Here the State deals with all MH permits unless it is an addition that is structurally self supporting and uses an existing opening. If creating a new open the state deals with those. IMO there are going to be lots of issues to over come and I would feel better letting the engineer figure it out.


----------



## Keystone (Mar 8, 2016)

Not a good idea, manufactured homes are built to a performance standard. Now in theory any Licensed Engineer should have the ability to retrofit to a home but an Engineer unfamiliar with performance systems as manufactured homes may get in over their head.  Then factor in, how does one comply with current building codes while attaching a manufactured home built who knows when?


----------



## Francis Vineyard (Mar 8, 2016)

Has your state adopted reference any of these provisions to enforce? https://www.gpo.gov/fdsys/pkg/CFR-20...5-part3282.pdf

Virginia; "No distributor, installer or dealer shall perform or cause to be performed any alteration affecting one or more requirements set forth in the federal standards unless the alteration is included in the manufacturers design approval primary inspection agencys approved design and installation instructions."

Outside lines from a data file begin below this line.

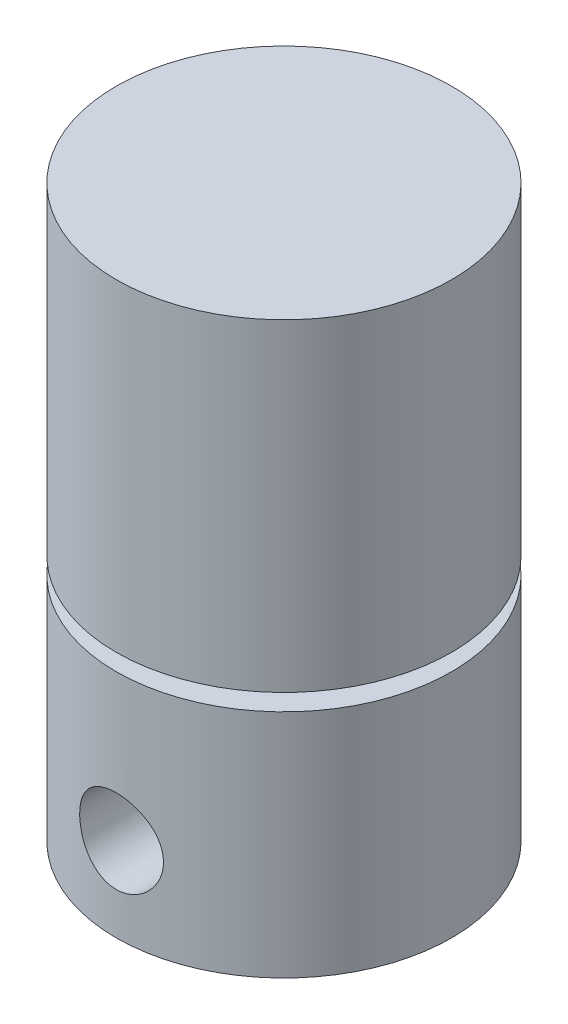
ISO-10303-21;
HEADER;
FILE_DESCRIPTION(('STEP AP214'),'2;1');
FILE_NAME('part.step','',(''),(''),'','','');
FILE_SCHEMA(('AUTOMOTIVE_DESIGN { 1 0 10303 214 1 1 1 1 }'));
ENDSEC;
DATA;
#1=APPLICATION_CONTEXT('core data for automotive mechanical design processes');
#2=APPLICATION_PROTOCOL_DEFINITION('international standard','automotive_design',2000,#1);
#3=PRODUCT_CONTEXT('',#1,'mechanical');
#4=PRODUCT('Part','Part','',(#3));
#5=PRODUCT_RELATED_PRODUCT_CATEGORY('part','',(#4));
#6=PRODUCT_DEFINITION_FORMATION('','',#4);
#7=PRODUCT_DEFINITION_CONTEXT('part definition',#1,'design');
#8=PRODUCT_DEFINITION('design','',#6,#7);
#9=PRODUCT_DEFINITION_SHAPE('','',#8);
#10=(LENGTH_UNIT() NAMED_UNIT(*) SI_UNIT(.MILLI.,.METRE.));
#11=(NAMED_UNIT(*) PLANE_ANGLE_UNIT() SI_UNIT($,.RADIAN.));
#12=(NAMED_UNIT(*) SI_UNIT($,.STERADIAN.) SOLID_ANGLE_UNIT());
#13=UNCERTAINTY_MEASURE_WITH_UNIT(LENGTH_MEASURE(1.E-05),#10,'distance_accuracy_value','');
#14=(GEOMETRIC_REPRESENTATION_CONTEXT(3) GLOBAL_UNCERTAINTY_ASSIGNED_CONTEXT((#13)) GLOBAL_UNIT_ASSIGNED_CONTEXT((#10,
#11,#12)) REPRESENTATION_CONTEXT('',''));
#15=CARTESIAN_POINT('',(0.,0.,0.));
#16=DIRECTION('',(0.,0.,1.));
#17=DIRECTION('',(1.,0.,0.));
#18=AXIS2_PLACEMENT_3D('',#15,#16,#17);
#19=CARTESIAN_POINT('',(0.,17.4625,0.));
#20=DIRECTION('',(0.,-1.,0.));
#21=DIRECTION('',(0.,0.,-1.));
#22=AXIS2_PLACEMENT_3D('',#19,#20,#21);
#23=CYLINDRICAL_SURFACE('',#22,12.7);
#24=CARTESIAN_POINT('',(3.175,6.35,-12.2967221242085));
#25=CARTESIAN_POINT('',(3.1749950198132,6.17467554632325,-12.2967254711158));
#26=CARTESIAN_POINT('',(3.16042833178202,5.99929597867828,-12.3005126863854));
#27=CARTESIAN_POINT('',(3.10263936933902,5.65357317571964,-12.3152136473056));
#28=CARTESIAN_POINT('',(3.05940041756247,5.4832329318254,-12.3261315404947));
#29=CARTESIAN_POINT('',(2.94575382353269,5.15263950650228,-12.3537818023711));
#30=CARTESIAN_POINT('',(2.8753812543752,4.99237361266015,-12.3705066621688));
#31=CARTESIAN_POINT('',(2.70957184940196,4.68590521727435,-12.4078770387652));
#32=CARTESIAN_POINT('',(2.61413394947207,4.53970331315812,-12.4285227220068));
#33=CARTESIAN_POINT('',(2.39865970268609,4.26229571051699,-12.4719170977164));
#34=CARTESIAN_POINT('',(2.27817284738414,4.13144512755544,-12.4946993898125));
#35=CARTESIAN_POINT('',(2.01699122140784,3.89158302916237,-12.5395085190442));
#36=CARTESIAN_POINT('',(1.87629456360899,3.78257355546038,-12.5615352853931));
#37=CARTESIAN_POINT('',(1.57625440537027,3.58803515610828,-12.6027232771114));
#38=CARTESIAN_POINT('',(1.4166781117678,3.50285508703494,-12.6218402299875));
#39=CARTESIAN_POINT('',(1.08491424405181,3.36066175192558,-12.65467131146));
#40=CARTESIAN_POINT('',(0.912728534955764,3.3036443300673,-12.6683862371462));
#41=CARTESIAN_POINT('',(0.564335623617785,3.2205322500852,-12.6886304373719));
#42=CARTESIAN_POINT('',(0.388280553827199,3.19383455170524,-12.6952996518228));
#43=CARTESIAN_POINT('',(0.0340726004637171,3.17022685832005,-12.7011886451627));
#44=CARTESIAN_POINT('',(-0.144079969063347,3.17331245929381,-12.7004095254281));
#45=CARTESIAN_POINT('',(-0.493243384772329,3.20875005981768,-12.6915938059099));
#46=CARTESIAN_POINT('',(-0.664324984533387,3.2404511328184,-12.6837186297291));
#47=CARTESIAN_POINT('',(-0.998658935538454,3.33117351296159,-12.6617836238657));
#48=CARTESIAN_POINT('',(-1.16191086950114,3.39019627442931,-12.6477234649603));
#49=CARTESIAN_POINT('',(-1.47766628361824,3.53441326477257,-12.6147513732012));
#50=CARTESIAN_POINT('',(-1.63005931850865,3.61983914672042,-12.5957967501266));
#51=CARTESIAN_POINT('',(-1.91857510093105,3.81426171247765,-12.5550917783831));
#52=CARTESIAN_POINT('',(-2.05469501139648,3.923262497072,-12.5333409435887));
#53=CARTESIAN_POINT('',(-2.31068256139473,4.16523010231761,-12.4887191648708));
#54=CARTESIAN_POINT('',(-2.43001063106375,4.29876571328164,-12.4658338379713));
#55=CARTESIAN_POINT('',(-2.64469999368259,4.58419196639616,-12.4220610526701));
#56=CARTESIAN_POINT('',(-2.74006016644614,4.7360834659537,-12.4011736876753));
#57=CARTESIAN_POINT('',(-2.90445230964671,5.05496834336905,-12.3637103097324));
#58=CARTESIAN_POINT('',(-2.97335437513118,5.22203137749726,-12.347155693206));
#59=CARTESIAN_POINT('',(-3.08192684552051,5.56588354445759,-12.3205067298881));
#60=CARTESIAN_POINT('',(-3.12160350580598,5.74267058726044,-12.3104110007027));
#61=CARTESIAN_POINT('',(-3.16970364110572,6.095948566943,-12.2981130212947));
#62=CARTESIAN_POINT('',(-3.17892490187728,6.2723239975431,-12.2957093300071));
#63=CARTESIAN_POINT('',(-3.16803657795425,6.62409385946327,-12.2985192607316));
#64=CARTESIAN_POINT('',(-3.14792969326925,6.79948837959579,-12.3037321815428));
#65=CARTESIAN_POINT('',(-3.07965533920158,7.14135511648469,-12.3209949412092));
#66=CARTESIAN_POINT('',(-3.03195236671802,7.30792636274288,-12.3329315220802));
#67=CARTESIAN_POINT('',(-2.91035496372149,7.63070795147373,-12.3621891219376));
#68=CARTESIAN_POINT('',(-2.83645743059488,7.78691706400085,-12.3795107787294));
#69=CARTESIAN_POINT('',(-2.66289874827948,8.08792042289096,-12.418010941113));
#70=CARTESIAN_POINT('',(-2.56276062737126,8.23243062685459,-12.439258441312));
#71=CARTESIAN_POINT('',(-2.34016643006688,8.50288922075787,-12.4830469550031));
#72=CARTESIAN_POINT('',(-2.21770668600727,8.62883455414564,-12.5055881806495));
#73=CARTESIAN_POINT('',(-1.95028413912651,8.86182002406507,-12.5501070185035));
#74=CARTESIAN_POINT('',(-1.80483494928781,8.96830827943698,-12.5720564161859));
#75=CARTESIAN_POINT('',(-1.49765601755559,9.15534855102809,-12.6123346509939));
#76=CARTESIAN_POINT('',(-1.33592712544035,9.23590192009242,-12.6306636769502));
#77=CARTESIAN_POINT('',(-1.00189729049621,9.36808646385047,-12.6615204698767));
#78=CARTESIAN_POINT('',(-0.829682684763527,9.41992564116141,-12.6740898412846));
#79=CARTESIAN_POINT('',(-0.478630489012213,9.49383462495269,-12.6921932261265));
#80=CARTESIAN_POINT('',(-0.299794184005939,9.51591017659858,-12.6977285972965));
#81=CARTESIAN_POINT('',(0.0542401964575508,9.52934209690234,-12.7010848787296));
#82=CARTESIAN_POINT('',(0.229405900617119,9.52151292637792,-12.6991103294396));
#83=CARTESIAN_POINT('',(0.575841801116834,9.47722314834044,-12.6881222125238));
#84=CARTESIAN_POINT('',(0.747112113154448,9.44076339233319,-12.6791088542401));
#85=CARTESIAN_POINT('',(1.08004303817216,9.34068420222751,-12.655087493111));
#86=CARTESIAN_POINT('',(1.24175042029424,9.27721203572685,-12.640112022951));
#87=CARTESIAN_POINT('',(1.55231164340716,9.12504341161286,-12.6057434230086));
#88=CARTESIAN_POINT('',(1.70116386101839,9.03634377427121,-12.5863497364056));
#89=CARTESIAN_POINT('',(1.98565112274399,8.83375413206227,-12.5446551773491));
#90=CARTESIAN_POINT('',(2.12088408784722,8.71931154628034,-12.5222957878978));
#91=CARTESIAN_POINT('',(2.37050268936837,8.46955744497192,-12.4774531075658));
#92=CARTESIAN_POINT('',(2.48488303211817,8.33424064634706,-12.4549697867118));
#93=CARTESIAN_POINT('',(2.69164443404806,8.04354050994846,-12.4119473580947));
#94=CARTESIAN_POINT('',(2.783575266647,7.88782990831532,-12.3914523466269));
#95=CARTESIAN_POINT('',(2.93981789665887,7.56267381964745,-12.3553205869608));
#96=CARTESIAN_POINT('',(3.00414978846308,7.39323843265204,-12.3396803064045));
#97=CARTESIAN_POINT('',(3.09379152821293,7.07841798742337,-12.3174731028359));
#98=CARTESIAN_POINT('',(3.12417831664509,6.93453920307402,-12.3097500503611));
#99=CARTESIAN_POINT('',(3.16478377891537,6.64378634093234,-12.2993733749982));
#100=CARTESIAN_POINT('',(3.17500417313031,6.49691251972402,-12.2967193196792));
#101=CARTESIAN_POINT('',(3.175,6.35,-12.2967221242085));
#102=B_SPLINE_CURVE_WITH_KNOTS('',3,(#24,#25,#26,#27,#28,#29,#30,#31,#32,#33,#34,#35,#36,#37,
#38,#39,#40,#41,#42,#43,#44,#45,#46,#47,#48,#49,#50,#51,#52,#53,#54,#55,#56,#57,#58,#59,#60,#61,
#62,#63,#64,#65,#66,#67,#68,#69,#70,#71,#72,#73,#74,#75,#76,#77,#78,#79,#80,#81,#82,#83,#84,#85,
#86,#87,#88,#89,#90,#91,#92,#93,#94,#95,#96,#97,#98,#99,#100,#101),.UNSPECIFIED.,.T.,.F.,(4,2,2,
2,2,2,2,2,2,2,2,2,2,2,2,2,2,2,2,2,2,2,2,2,2,2,2,2,2,2,2,2,2,2,2,2,2,2,4),(0.,0.525433851004893,
1.05117359161441,1.57623602350085,2.10132074979458,2.6368242182508,3.1723777227943,
3.71540400425358,4.25835013005807,4.7902971376409,5.32216548805846,5.84223193614963,
6.36232607040478,6.88711950303144,7.4120042954552,7.95109492546328,8.49021074623749,
9.03194068650671,9.57355464164525,10.1008633995054,10.6281236152971,11.1467570436797,
11.6654519221148,12.1943221424741,12.7232793399029,13.2654717033223,13.8076357797011,
14.3458193247108,14.8838989712076,15.4074297658815,15.9309449907505,16.4516419323711,
16.9724045329363,17.5056431266551,18.0390169009448,18.5823412615974,19.1252693614627,
19.5655924052587,20.0058778838705),.UNSPECIFIED.);
#103=CARTESIAN_POINT('',(3.175,6.35,-12.2967221242085));
#104=VERTEX_POINT('',#103);
#105=EDGE_CURVE('E68',#104,#104,#102,.T.);
#106=ORIENTED_EDGE('',*,*,#105,.F.);
#107=EDGE_LOOP('',(#106));
#108=FACE_BOUND('',#107,.T.);
#109=CARTESIAN_POINT('',(0.,17.4625,0.));
#110=DIRECTION('',(0.,1.,0.));
#111=DIRECTION('',(0.,0.,1.));
#112=AXIS2_PLACEMENT_3D('',#109,#110,#111);
#113=CIRCLE('',#112,12.7);
#114=CARTESIAN_POINT('',(0.,17.4625,12.7));
#115=VERTEX_POINT('',#114);
#116=EDGE_CURVE('E44',#115,#115,#113,.T.);
#117=ORIENTED_EDGE('',*,*,#116,.F.);
#118=EDGE_LOOP('',(#117));
#119=FACE_BOUND('',#118,.T.);
#120=CARTESIAN_POINT('',(0.,0.,0.));
#121=DIRECTION('',(0.,1.,0.));
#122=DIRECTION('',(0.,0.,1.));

"In accordance with § 36-99 (Provisions of Code; modifications) of the Code of Virginia and the USBC, alterations, additions, and repairs associated with existing manufactured homes are subject to applicable provisions of the USBC and not this chapter."


----------



## ICE (Mar 8, 2016)

There is a difference between a mobile home and a manufactured home.  The OP says mobile home.  That's a nonstarter.  Forget it.


----------



## Francis Vineyard (Mar 9, 2016)

> There is a difference between a mobile home and a manufactured home. The OP says mobile home. That's a nonstarter. Forget it.


For starters enlighten us how California regulates the installation and alterations to mobile homes differently than manufactured homes?


----------



## BSSTG (Mar 11, 2016)

> Does not sound like the best idea in any case. Kind of like combining an old airplane with a car to drive down the road. Manufactured homes built after 1974 are per HUD standards and cannot be structurally modified or altered without having the Federal Regulations' date=' the original manufacturing package and an appropriately Licensed Contractor. (Like trying to find a mint Cobb, Mantle and Robinson Rookie Cards all in the same place at the same time). Otherwise, any modification would violate the HUD Standards and would require the removal of the HUD Approval Label. Also lenders will not lend on modifications of this type, so no second morgage and could only be sold thru cash sales. So again, not a good way to go.[/quote']Ditto.
> 
> Any time you attempt to modify a mobile home with added permanent structure is a nogo. Here we go by Tx standards but they are a regurgitation of HUD anyway. Even the folks that want to add on a porch. I tell them it's fine to do so as long as it's not attached. Just butt em up close.
> 
> Byron


----------